→ Problem: Copy out each line containing "name" from the entries below.

→ Extracted data:
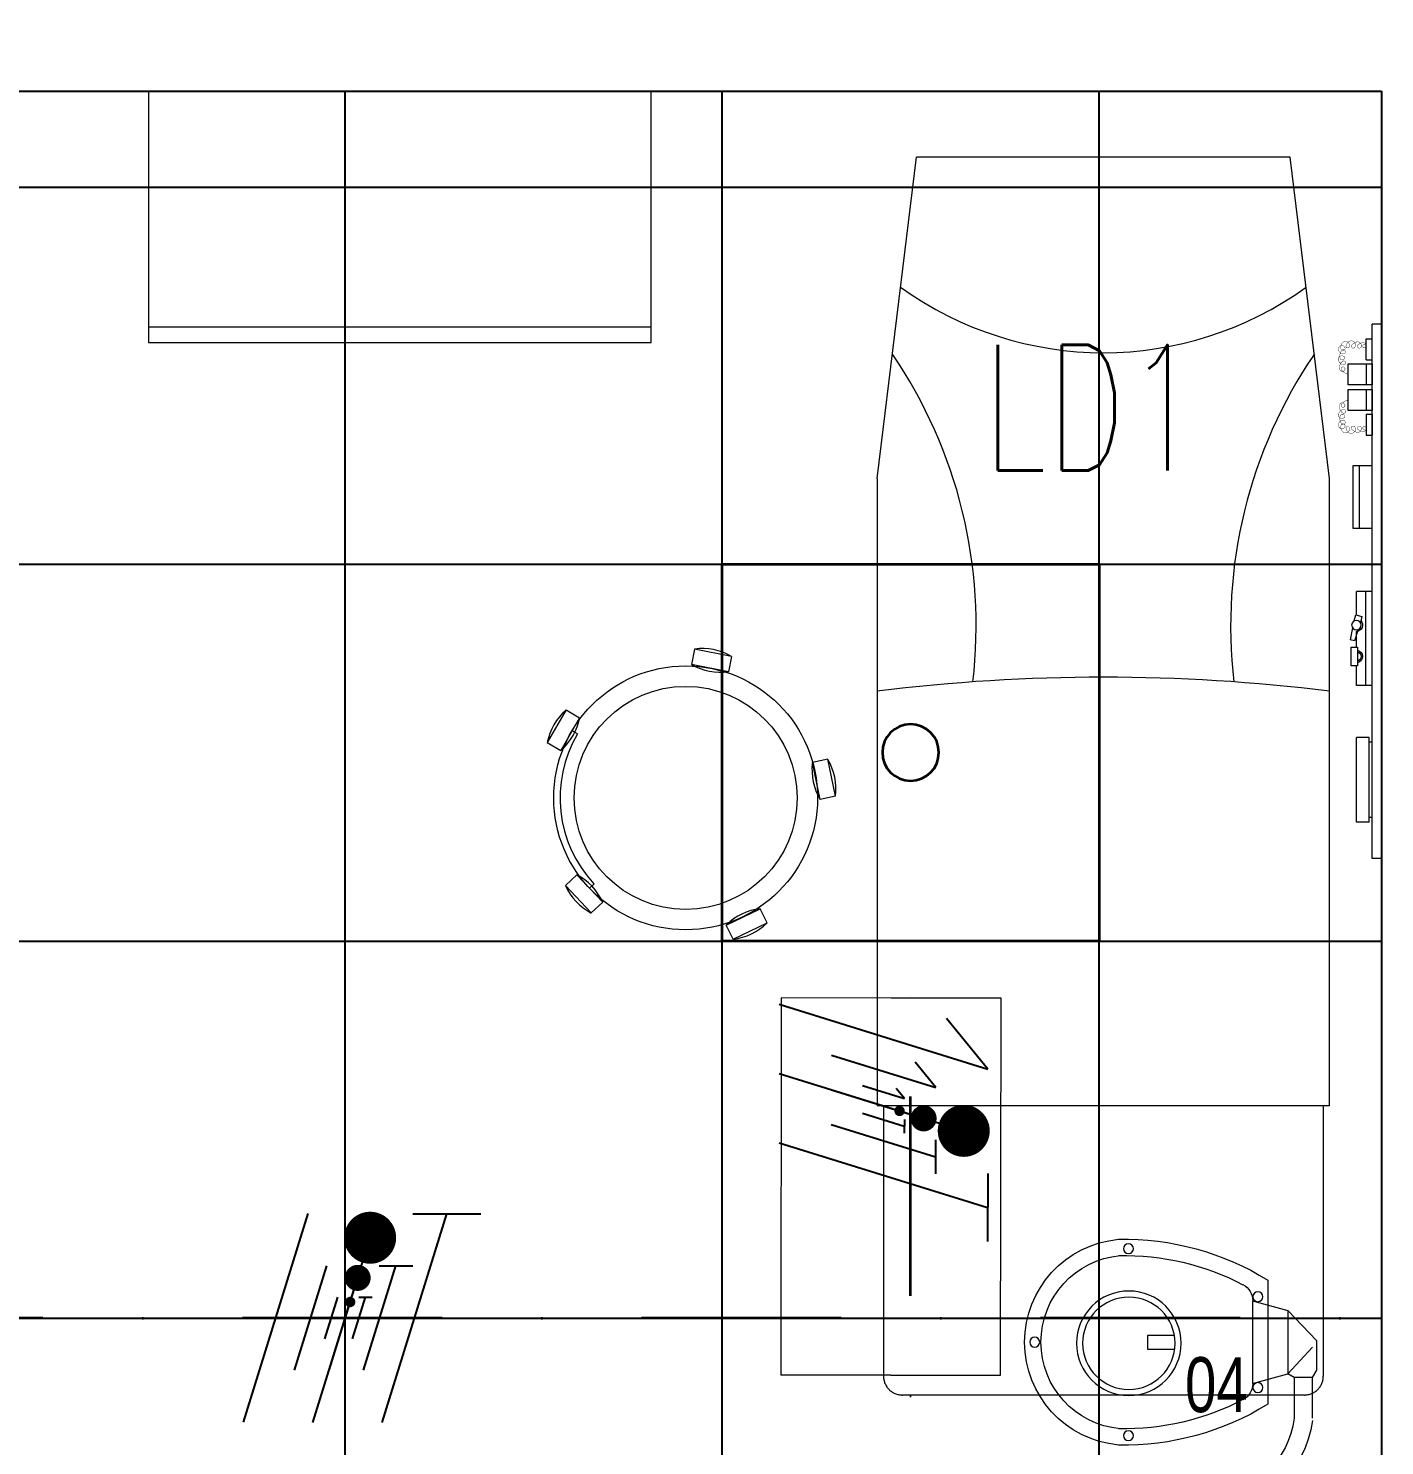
# Model space of a CAD drawing. Header units: inches. Extents: x -12418 to 57169, y -29325 to 19878.
# Drawn here: x 21696 to 23854, y -8603 to -6347 of the extents above; entities that cross this region are included whole.
import ezdxf
from ezdxf.enums import TextEntityAlignment as Align

# ---------------------------------------------------------------- set-up
doc = ezdxf.new("R2010")
doc.units = ezdxf.units.IN
doc.header["$LTSCALE"] = 25
doc.header["$MEASUREMENT"] = 0
doc.linetypes.add('00-Ground Floor$0$HIDDEN', pattern=[9.525, 6.35, -3.175])
doc.linetypes.add('DASHDOT', pattern=[25.4, 12.7, -6.35, 0, -6.35])
doc.layers.get('0').update_dxf_attribs({"color": 8})
for name, color, linetype, lineweight in [('00-Ground Floor$0$72_EGR_EQP_TAG', 142, 'Continuous', 5), ('00-Ground Floor$0$LOADING', 253, 'Continuous', 5), ('00-Ground Floor$0$Walls', 251, 'Continuous', 5), ('E-LITE-CIRC-NUMB', 6, 'Continuous', 25), ('E-LITE-CLNG', 150, 'Continuous', 35), ('E-LITE-CLNG-CNDT', 6, 'DASHDOT', 35), ('E-LITE-CTRL', 6, 'Continuous', 25), ('E-LITE-IDEN', 6, 'Continuous', 25), ('E-POWR-WIRE', 6, 'Continuous', 25), ('E-POWR-WIRE @ 100', 6, 'Continuous', 25), ('E-POWR-WIRE @ 20', 6, 'Continuous', 25), ('E-POWR-WIRE @ 50', 6, 'Continuous', 25)]:
    doc.layers.add(name, color=color, linetype=linetype, lineweight=lineweight)
doc.layers.add('00-Ground Floor$0$False Ceiling', color=251, linetype='Continuous')
doc.styles.add('00-Ground Floor$0$X3G_ENTITY_257CFD', font='swisscl.ttf', dxfattribs={"height": 200})
doc.styles.add('DC_Simplex', font='SIMPLEX.shx', dxfattribs={"width": 0.7})

# ---------------------------------------------------------------- blocks, each defined once
blk = doc.blocks.new('00-Ground Floor$0$ME19011A-P')
for p, q in [((-0.425, 0), (0.425, 0)), ((-0.425, 0), (-0.425, -0.015)), ((0.425, 0), (0.425, -0.015)), ((-0.425, -0.015), (0.425, -0.015)), ((-0.3675, -0.0198), (-0.2325, -0.0198)), ((-0.3675, -0.0198), (-0.3675, -0.0399)), ((-0.36, -0.015), (-0.36, -0.0198)), ((-0.24, -0.015), (-0.24, -0.0198)), ((-0.2325, -0.0198), (-0.2325, -0.0399)), ((-0.15, -0.015), (-0.15, -0.04)), ((0, -0.015), (0, -0.04)), ((0.1, -0.015), (0.1, -0.045)), ((0.2, -0.045), (0.2, -0.015)), ((0.2818, -0.015), (0.2484, -0.015)), ((0.2484, -0.0243), (0.2484, -0.015)), ((0.2818, -0.0243), (0.2818, -0.015)), ((0.3211, -0.015), (0.2877, -0.015)), ((0.2877, -0.015), (0.2877, -0.0531)), ((0.3211, -0.0531), (0.3211, -0.015)), ((0.3623, -0.015), (0.3289, -0.015)), ((0.3289, -0.015), (0.3289, -0.0531)), ((0.3623, -0.0531), (0.3623, -0.015)), ((0.3682, -0.0243), (0.3682, -0.015)), ((0.3682, -0.015), (0.4016, -0.015)), ((0.4016, -0.0243), (0.4016, -0.015)), ((-0.3675, -0.0399), (-0.2325, -0.0399)), ((-0.15, -0.025), (0, -0.025)), ((-0.15, -0.04), (-0.1187, -0.04)), ((-0.0887, -0.04), (-0.0637, -0.04)), ((-0.0606, -0.0371), (-0.0787, -0.0432)), ((-0.0787, -0.0432), (-0.077, -0.0497)), ((-0.0402, -0.0312), (-0.0496, -0.0337)), ((-0.047, -0.0434), (-0.0376, -0.0409)), ((-0.0376, -0.0409), (-0.0402, -0.0312)), ((-0.0379, -0.04), (0, -0.04)), ((0.1, -0.035), (0.2, -0.035)), ((0.1, -0.045), (0.2, -0.045)), ((0.2818, -0.0243), (0.2484, -0.0243)), ((0.3211, -0.0243), (0.2877, -0.0243)), ((0.3623, -0.0243), (0.3289, -0.0243)), ((0.3682, -0.0243), (0.4016, -0.0243)), ((-0.0582, -0.046), (-0.077, -0.0497)), ((0.2877, -0.0531), (0.3211, -0.0531)), ((0.3289, -0.0531), (0.3623, -0.0531))]:
    blk.add_line(p, q)
blk.add_lwpolyline([(-0.1187, -0.0482), (-0.0887, -0.0482), (-0.0887, -0.0382), (-0.1187, -0.0382)], close=True)
at = {"color": 8, "const_width": 0.000601}
for points in [[(0.3044, -0.0531, -0.184574), (0.2977, -0.0636, -1.44364), (0.2961, -0.0581, -0.837915), (0.2969, -0.0664, -0.30536), (0.2839, -0.062, -1.584726), (0.2894, -0.0609, -0.253153), (0.2827, -0.0684, -0.874198), (0.2775, -0.0585, -0.915253), (0.2791, -0.0658, -0.223821), (0.2683, -0.0644, -1.703343), (0.272, -0.0597, -0.588962), (0.2621, -0.068, -0.717795), (0.2625, -0.0581, -0.983104), (0.2645, -0.0644, -0.326362), (0.2534, -0.0609, -0.758716), (0.2609, -0.0514, -0.906186), (0.2593, -0.0565, -0.189488), (0.2526, -0.0522, -0.7948), (0.2613, -0.0423, -1.223996), (0.2574, -0.047, -0.072149), (0.2534, -0.0403, -0.645886), (0.2609, -0.0324, -1.366917), (0.2574, -0.0371, -0.078415), (0.2542, -0.0308, -0.723006), (0.2613, -0.0256, -1.105484), (0.2582, -0.0292, -0.221197), (0.2566, -0.0243, -0.221197)], [(0.3456, -0.0531, 0.184574), (0.3523, -0.0636, 1.44364), (0.3539, -0.0581, 0.837915), (0.3531, -0.0664, 0.30536), (0.3661, -0.062, 1.584726), (0.3606, -0.0609, 0.253153), (0.3673, -0.0684, 0.874198), (0.3725, -0.0585, 0.915253), (0.3709, -0.0658, 0.223821), (0.3817, -0.0644, 1.703343), (0.378, -0.0597, 0.588962), (0.3879, -0.068, 0.717795), (0.3875, -0.0581, 0.983104), (0.3855, -0.0644, 0.326362), (0.3966, -0.0609, 0.758716), (0.3891, -0.0514, 0.906186), (0.3907, -0.0565, 0.189488), (0.3974, -0.0522, 0.7948), (0.3887, -0.0423, 1.223996), (0.3926, -0.047, 0.072149), (0.3966, -0.0403, 0.645886), (0.3891, -0.0324, 1.366917), (0.3926, -0.0371, 0.078415), (0.3958, -0.0308, 0.723006), (0.3887, -0.0256, 1.105484), (0.3918, -0.0292, 0.221197), (0.3934, -0.0243, 0.221197)]]:
    blk.add_lwpolyline(points, format="xyb", dxfattribs=at)
blk.add_circle((-0.0537, -0.04), 0.0075)
for centre, radius, start, end in [((-0.1037, -0.04), 0.01, 10.4593, 169.5407), ((-0.1037, -0.04), 0.0075, 14.0075, 165.9925), ((-0.0537, -0.04), 0.01, 45, 180)]:
    blk.add_arc(centre, radius, start, end)
blk = doc.blocks.new('00-Ground Floor$0$M.44.57.64')
at = {"layer": '00-Ground Floor$0$LOADING', "xscale": 1000.000000000002, "yscale": 1000.000000000002, "zscale": 1000.000000000002, "rotation": 225.9999036123427}
blk.add_blockref('00-Ground Floor$0$ME19011A-P', (-80806.9, 16720.7), dxfattribs=at)
blk = doc.blocks.new('00-Ground Floor$0$GF21027-P')
at = {"layer": '00-Ground Floor$0$LOADING'}
for p, q in [((0.4, 0.4), (-0.4, 0.4)), ((-0.4, 0.4), (-0.4, 0)), ((0.4, 0), (0.4, 0.4)), ((-0.4, 0.025), (0.4, 0.025)), ((-0.4, 0), (0.4, 0))]:
    blk.add_line(p, q, dxfattribs=at)
blk = doc.blocks.new('00-Ground Floor$0$HF10037B-P')
at = {"layer": '00-Ground Floor$0$LOADING'}
for p, q in [((0.2459, 0.134), (0.1859, 0.134)), ((0.1859, 0.134), (0.1859, 0.109)), ((0.2459, 0.134), (0.2459, 0.109)), ((0.2459, 0.109), (0.1859, 0.109)), ((0, 0), (-0.0142, -0.0583)), ((0, 0), (0.0243, -0.0059)), ((0.0243, -0.0059), (0.01, -0.0642)), ((0.4071, -0.0094), (0.431, -0.0018)), ((0.4071, -0.0094), (0.4255, -0.0665)), ((0.431, -0.0018), (0.4493, -0.0589)), ((0.4069, -0.0417), (0.4165, -0.0387)), ((-0.0142, -0.0583), (0.01, -0.0642)), ((0.4255, -0.0665), (0.4493, -0.0589)), ((0.0524, -0.2725), (0.0674, -0.2525)), ((0.0674, -0.2525), (0.1154, -0.2885)), ((0.3125, -0.2897), (0.362, -0.2558)), ((0.3267, -0.268), (0.3323, -0.2763)), ((0.3761, -0.2764), (0.362, -0.2558)), ((0.0524, -0.2725), (0.1004, -0.3085)), ((0.1004, -0.3085), (0.1154, -0.2885)), ((0.3266, -0.3103), (0.3125, -0.2897)), ((0.3266, -0.3103), (0.3761, -0.2764))]:
    blk.add_line(p, q, dxfattribs=at)
for radius in [0.21, 0.1775]:
    blk.add_circle((0.2161, -0.1014), radius, dxfattribs=at)
for centre, radius, start, end in [((0.2159, 0.0465), 0.0925, 71.0754, 108.9246), ((0.2159, 0.1965), 0.0925, 251.0754, 288.9246), ((0.0779, -0.0499), 0.0925, 147.3419, 185.1912), ((-0.0678, -0.0143), 0.0925, 327.3419, 5.1912), ((0.4996, -0.0113), 0.0925, 178.8412, 216.6904), ((0.3568, -0.057), 0.0925, 358.8412, 36.6904), ((0.2161, -0.1014), 0.2, 303.6037, 17.3657), ((0.0389, -0.3404), 0.0925, 34.1875, 72.0368), ((0.3867, -0.3449), 0.0925, 105.5121, 143.3614), ((0.1289, -0.2205), 0.0925, 214.1875, 252.0368), ((0.3019, -0.2212), 0.0925, 285.5121, 323.3614)]:
    blk.add_arc(centre, radius, start, end, dxfattribs=at)
blk = doc.blocks.new('00-Ground Floor$0$HF13902-P')
at = {"color": 8, "linetype": '00-Ground Floor$0$HIDDEN'}
for p, q in [((-0.35, -0.6824), (-0.35, -1.1124)), ((0.35, -0.6824), (0.35, -1.1124)), ((0.32, -1.1424), (-0.32, -1.1424))]:
    blk.add_line(p, q, dxfattribs=at)
at = {"linetype": 'Continuous'}
for points in [[(0.36, -0.5224), (0.36, -0.5224), (0.36, -0.5224), (0.36, -0.5224), (0.36, -0.5224), (0.36, -0.5224), (0.36, -0.5224), (0.36, -0.5224), (0.36, -0.5224), (0.36, -0.5224), (0.36, -0.5224), (0.36, -0.5224), (0.36, -0.5224), (0.36, -0.5224), (0.36, -0.5224), (0.36, -0.5224), (0.36, -0.5224), (0.36, -0.5224), (0.36, -0.5224), (0.36, -0.5224), (0.36, -0.5224), (0.36, -0.5224), (0.36, -0.5224), (0.36, -0.5224), (0.36, -0.5224), (0.36, -0.5224), (0.36, -0.5224), (0.36, -0.5224), (0.36, -0.5224), (0.36, -0.5224), (0.36, -0.5224), (0.36, -0.5224), (0.36, -0.5224), (0.36, -0.5224), (0.36, -0.5224), (0.36, -0.5224), (0.36, -0.5224), (0.36, -0.5224), (0.36, -0.5224), (0.36, -0.5224), (0.36, -0.5224), (0.36, -0.5224), (0.36, -0.5224), (0.36, -0.5224), (0.36, -0.5224), (0.36, -0.5224), (0.36, -0.5224), (0.36, -0.5224), (0.36, -0.5224), (0.36, -0.5224), (0.36, -0.5224), (0.36, -0.5224), (0.36, -0.5224), (0.36, -0.5224), (0.36, -0.5224), (0.36, -0.5224), (0.36, -0.5224), (0.36, -0.5224), (0.36, -0.5224), (0.36, -0.5224), (0.36, -0.5224), (0.36, -0.5224), (0.36, -0.5224), (0.36, -0.5224), (0.36, -0.5224), (0.36, -0.5224), (0.36, -0.5224), (0.36, -0.5224), (0.36, -0.5224), (0.36, -0.5224), (0.36, -0.5224), (0.36, -0.5224), (0.36, -0.5224), (0.36, -0.5224), (0.36, -0.5224), (0.36, -0.5224), (0.36, -0.5224), (0.36, -0.5224), (0.36, -0.5224), (0.36, -0.5224), (0.36, -0.5224), (0.36, -0.5224), (0.36, -0.5224), (0.36, -0.5224), (0.36, -0.5224), (0.36, -0.5224), (0.36, -0.5224), (0.36, -0.5224), (0.36, -0.5224), (0.36, -0.5224), (0.36, -0.5224), (0.36, -0.5224), (0.36, -0.5224), (0.36, -0.5224), (0.36, -0.5224), (0.36, -0.5224), (0.36, -0.5224), (0.36, -0.5224), (0.36, -0.5224), (0.36, -0.5224), (0.36, -0.5224), (0.36, -0.5224), (0.36, -0.5224), (0.36, -0.5224), (0.36, -0.5224), (0.36, -0.5224), (0.36, -0.5224), (0.36, -0.5224), (0.36, -0.5224), (0.36, -0.5224), (0.36, -0.5224), (0.36, -0.5224), (0.36, -0.5224), (0.36, -0.5224), (0.36, -0.5224), (0.36, -0.5224), (0.36, -0.5224), (0.36, -0.5224), (0.36, -0.5224), (0.36, -0.5224), (0.36, -0.5224), (0.36, -0.5224), (0.36, -0.5224), (0.36, -0.5224), (0.36, -0.5224), (0.36, -0.5224), (0.36, -0.5224), (0.36, -0.5224), (0.36, -0.5224), (0.36, -0.5224), (0.36, -0.5224), (0.36, -0.5224), (0.36, -0.5224), (0.36, -0.5224), (0.36, -0.5224), (0.36, -0.5224), (0.36, -0.5224), (0.36, -0.5224), (0.36, -0.5224), (0.36, -0.5224), (0.36, -0.5224), (0.36, -0.5224), (0.36, -0.5224), (0.36, -0.5224), (0.36, -0.5224), (0.36, -0.5224), (0.36, -0.5224), (0.36, -0.5224), (0.36, -0.5224), (0.36, -0.5224), (0.36, -0.5224), (0.36, -0.5224), (0.36, -0.5224), (0.36, -0.5224), (0.36, -0.5224), (0.36, -0.5224), (0.36, -0.5224), (0.36, -0.5224), (0.36, -0.5224), (0.36, -0.5224), (0.36, -0.5224), (0.36, -0.5224), (0.36, -0.5224), (0.36, -0.5224), (0.36, -0.5224), (0.36, -0.5224), (0.36, -0.5224), (0.36, -0.5224), (0.36, -0.5224), (0.36, -0.5224), (0.36, -0.5224), (0.36, -0.5224), (0.36, -0.5224), (0.36, -0.5224), (0.36, -0.5224), (0.36, -0.5224), (0.36, -0.5224), (0.36, -0.5224), (0.36, -0.5224), (0.36, -0.5224), (0.36, -0.5224), (0.36, -0.5224), (0.36, -0.5224), (0.36, -0.5224), (0.36, -0.5224), (0.36, -0.5224), (0.36, -0.5224), (0.36, -0.5224), (0.36, -0.5224), (0.36, -0.5224), (0.36, -0.5224), (0.36, -0.5224), (0.36, -0.5224), (0.36, -0.5224), (0.36, -0.5224), (0.36, -0.5224), (0.36, -0.5224), (0.36, -0.5224), (0.36, -0.5224), (0.36, -0.5224), (0.36, -0.5224), (0.36, -0.5224), (0.36, -0.5224), (0.36, -0.5224), (0.36, -0.5224), (0.36, -0.5224), (0.36, -0.5224), (0.36, -0.5224), (0.36, -0.5224), (0.36, -0.5224), (0.36, -0.5224), (0.36, -0.5224), (0.36, -0.5224), (0.36, -0.5224), (0.36, -0.5224), (0.36, -0.5224), (0.36, -0.5224), (0.36, -0.5224), (0.36, -0.5224)], [(0.36, -0.5224), (0.36, -0.5224), (0.36, -0.5224), (0.36, -0.5224), (0.36, -0.5224), (0.36, -0.5224), (0.36, -0.5224), (0.36, -0.5224), (0.36, -0.5224), (0.36, -0.5224), (0.36, -0.5224), (0.36, -0.5224), (0.36, -0.5224), (0.36, -0.5224), (0.36, -0.5224), (0.36, -0.5224), (0.36, -0.5224), (0.36, -0.5224), (0.36, -0.5224), (0.36, -0.5224), (0.36, -0.5224), (0.36, -0.5224), (0.36, -0.5224), (0.36, -0.5224), (0.36, -0.5224), (0.36, -0.5224), (0.36, -0.5224), (0.36, -0.5224), (0.36, -0.5224), (0.36, -0.5224), (0.36, -0.5224), (0.36, -0.5224), (0.36, -0.5224), (0.36, -0.5224), (0.36, -0.5224), (0.36, -0.5224), (0.36, -0.5224), (0.36, -0.5224), (0.36, -0.5224), (0.36, -0.5224), (0.36, -0.5224), (0.36, -0.5224), (0.36, -0.5224), (0.36, -0.5224), (0.36, -0.5224), (0.36, -0.5224), (0.36, -0.5224), (0.36, -0.5224), (0.36, -0.5224), (0.36, -0.5224), (0.36, -0.5224), (0.36, -0.5224), (0.36, -0.5224), (0.36, -0.5224), (0.36, -0.5224), (0.36, -0.5224), (0.36, -0.5224), (0.36, -0.5224), (0.36, -0.5224), (0.36, -0.5224), (0.36, -0.5224), (0.36, -0.5224), (0.36, -0.5224), (0.36, -0.5224), (0.36, -0.5224), (0.36, -0.5224), (0.36, -0.5224), (0.36, -0.5224), (0.36, -0.5224), (0.36, -0.5224), (0.36, -0.5224), (0.36, -0.5224), (0.36, -0.5224), (0.36, -0.5224), (0.36, -0.5224), (0.36, -0.5224), (0.36, -0.5224), (0.36, -0.5224), (0.36, -0.5224), (0.36, -0.5224), (0.36, -0.5224), (0.36, -0.5224), (0.36, -0.5224), (0.36, -0.5224), (0.36, -0.5224), (0.36, -0.5224), (0.36, -0.5224), (0.36, -0.5224), (0.36, -0.5224), (0.36, -0.5224), (0.36, -0.5224), (0.36, -0.5224), (0.36, -0.5224), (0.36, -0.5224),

→ Reply to the task:
for name, color, linetype, lineweight in [('00-Ground Floor$0$72_EGR_EQP_TAG', 142, 'Continuous', 5), ('00-Ground Floor$0$LOADING', 253, 'Continuous', 5), ('00-Ground Floor$0$Walls', 251, 'Continuous', 5), ('E-LITE-CIRC-NUMB', 6, 'Continuous', 25), ('E-LITE-CLNG', 150, 'Continuous', 35), ('E-LITE-CLNG-CNDT', 6, 'DASHDOT', 35), ('E-LITE-CTRL', 6, 'Continuous', 25), ('E-LITE-IDEN', 6, 'Continuous', 25), ('E-POWR-WIRE', 6, 'Continuous', 25), ('E-POWR-WIRE @ 100', 6, 'Continuous', 25), ('E-POWR-WIRE @ 20', 6, 'Continuous', 25), ('E-POWR-WIRE @ 50', 6, 'Continuous', 25)]:
    doc.layers.add(name, color=color, linetype=linetype, lineweight=lineweight)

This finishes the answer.